I don't think they'll chop it because it's critical to the GSuite business
side of things.

But it's probably not receiving love as whilst Ai has seen things like Photos
revamped and the emergence of Google Assistance, the applicability of this to
the business stuff is more difficult for compliance reasons and politics, etc.
It's easier to focus on consumer when innovating.

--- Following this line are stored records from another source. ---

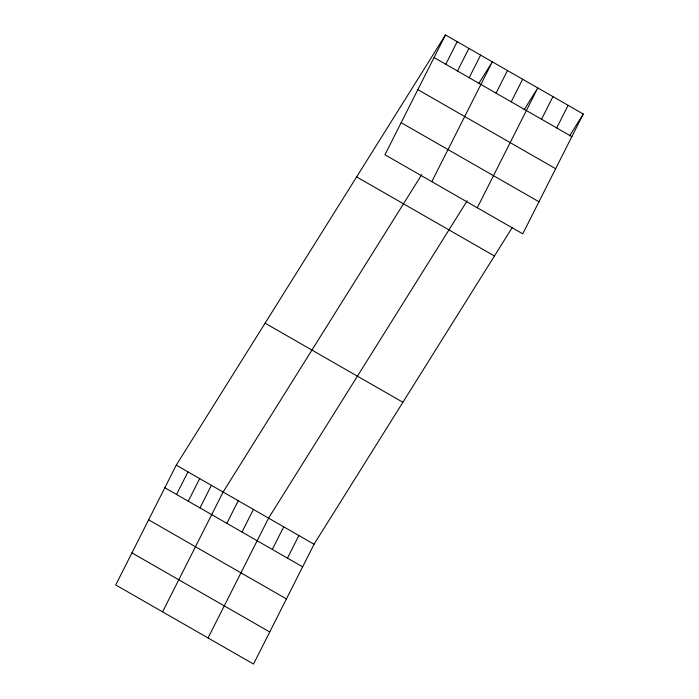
<?xml version="1.0" encoding="UTF-8"?>
<svg xmlns="http://www.w3.org/2000/svg" width="699" height="699" viewBox="0 0 699 699"><rect width="100%" height="100%" fill="white"/><g stroke="black" fill="none" stroke-linecap="round" stroke-linejoin="round"><path stroke-width="1.05" d="M445.473 34.95L384.948 154.759L522.747 233.85L583.272 114.033L445.473 34.95L176.253 465.15L115.728 584.967L253.527 664.05L314.052 544.241L512.079 227.795M176.541 494.473L187.961 471.877M188.258 501.2L199.678 478.597M199.975 507.92L211.386 485.316M162.579 611.852L223.103 492.044L421.707 174.689M445.77 64.273L457.19 41.669M226.843 523.341L238.254 500.746M457.478 70.992L468.898 48.397M469.195 77.72L480.615 55.116M242.003 532.044L253.414 509.44M431.807 181.653L492.323 61.835L478.658 83.679M208.057 637.951L268.573 518.142L467.177 200.788M496.063 93.142L507.483 70.538M272.313 549.44L283.733 526.836M511.222 101.836L522.642 79.24M287.472 558.143L298.892 535.539M477.277 207.752L537.802 87.934L524.128 109.778M541.542 119.241L552.953 96.637M556.701 127.934L568.112 105.339M569.606 135.877L583.272 114.033M434.053 57.554L571.852 136.637M417.853 89.629L555.653 168.721M401.156 122.683L538.955 201.766M356.63 176.917L494.429 256M265.096 323.183L402.895 402.274M176.253 465.15L314.052 544.241M164.833 487.753L302.632 566.837M148.625 519.829L286.424 598.921M131.936 552.883L269.735 631.975"/></g></svg>
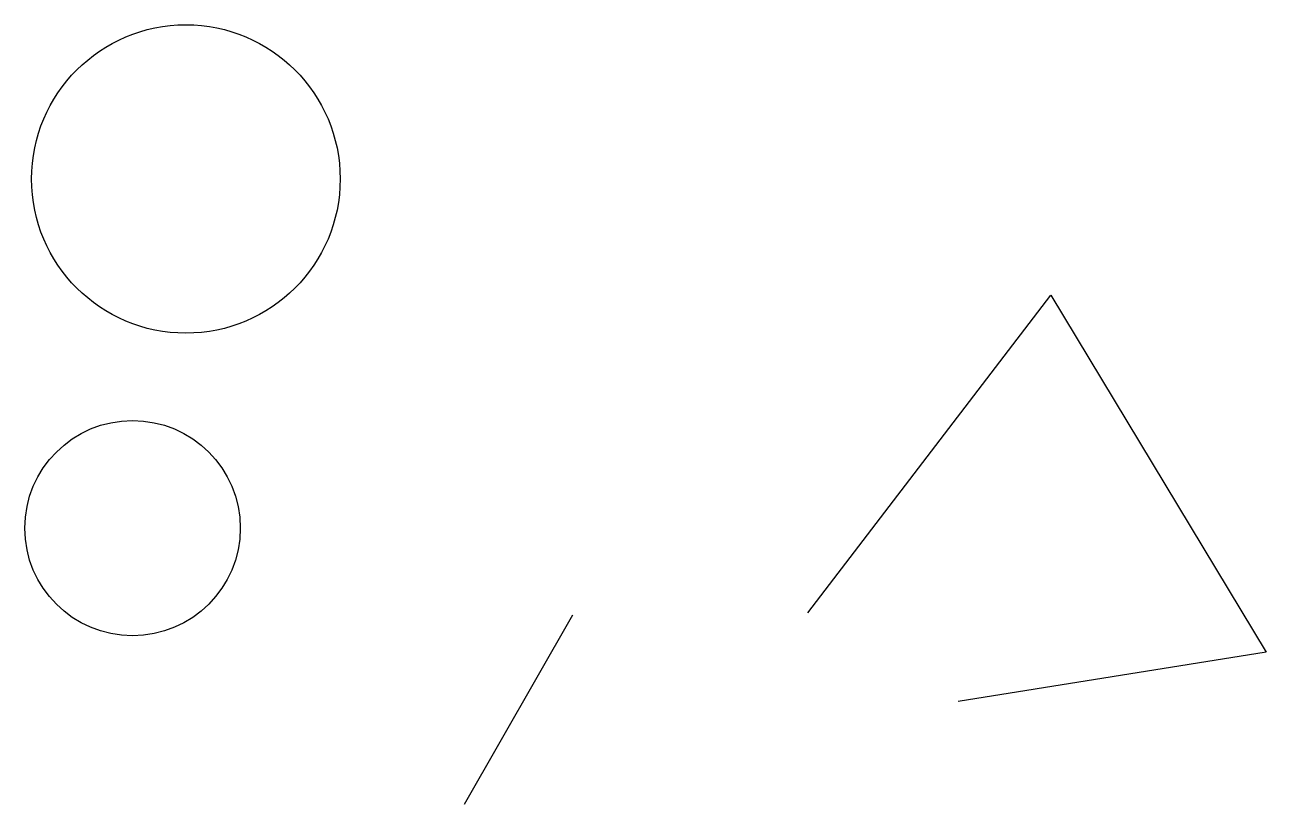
# Model space of a CAD drawing. Header units: millimetres. Extents: x 1244152 to 1244645, y 407560 to 407869.
import ezdxf

# ---------------------------------------------------------------- set-up
doc = ezdxf.new("R2010")
doc.units = ezdxf.units.MM

msp = doc.modelspace()

# ---------------------------------------------------------------- linework, layer by layer
msp.add_line((1244326.41, 407559.98), (1244369.51, 407635.17))
msp.add_lwpolyline([(1244462.76, 407635.95), (1244559.15, 407762.04), (1244644.56, 407620.29), (1244522.32, 407600.71)])
for centre, radius in [((1244215.9, 407808.2), 61.22), ((1244194.74, 407669.58), 42.74)]:
    msp.add_circle(centre, radius)

doc.saveas('drawing.dxf')

The weirdest bit of all of the Google offerings, is the ever-diverging
difference between the capabilities of the consumer Gmail accounts and the
GSuite accounts. Google's tagline of "One Account, All of Google" is long dead
in reality, and with it there seems to be a very different focus, innovation
happens to the consumer and not to the business side, and never the twain
shall meet.

Consumer accounts cannot use Google Calendar's "Find a time", and business
accounts cannot fully use a list of products so long that it's boring listing
them.

Google Calendar is central to how I run my life... I even logged phonecalls
with links to the audio files uploaded to Google Drive, as well as scans of
post received (and categorised in Google Drive but linked from Google
Calendar).

But the usefulness is being reduced, silo'd, splintered from the general
usefulness of Android and the Google related family of products due to the
split of Google into consumer-focused vs business-focused with less overlap.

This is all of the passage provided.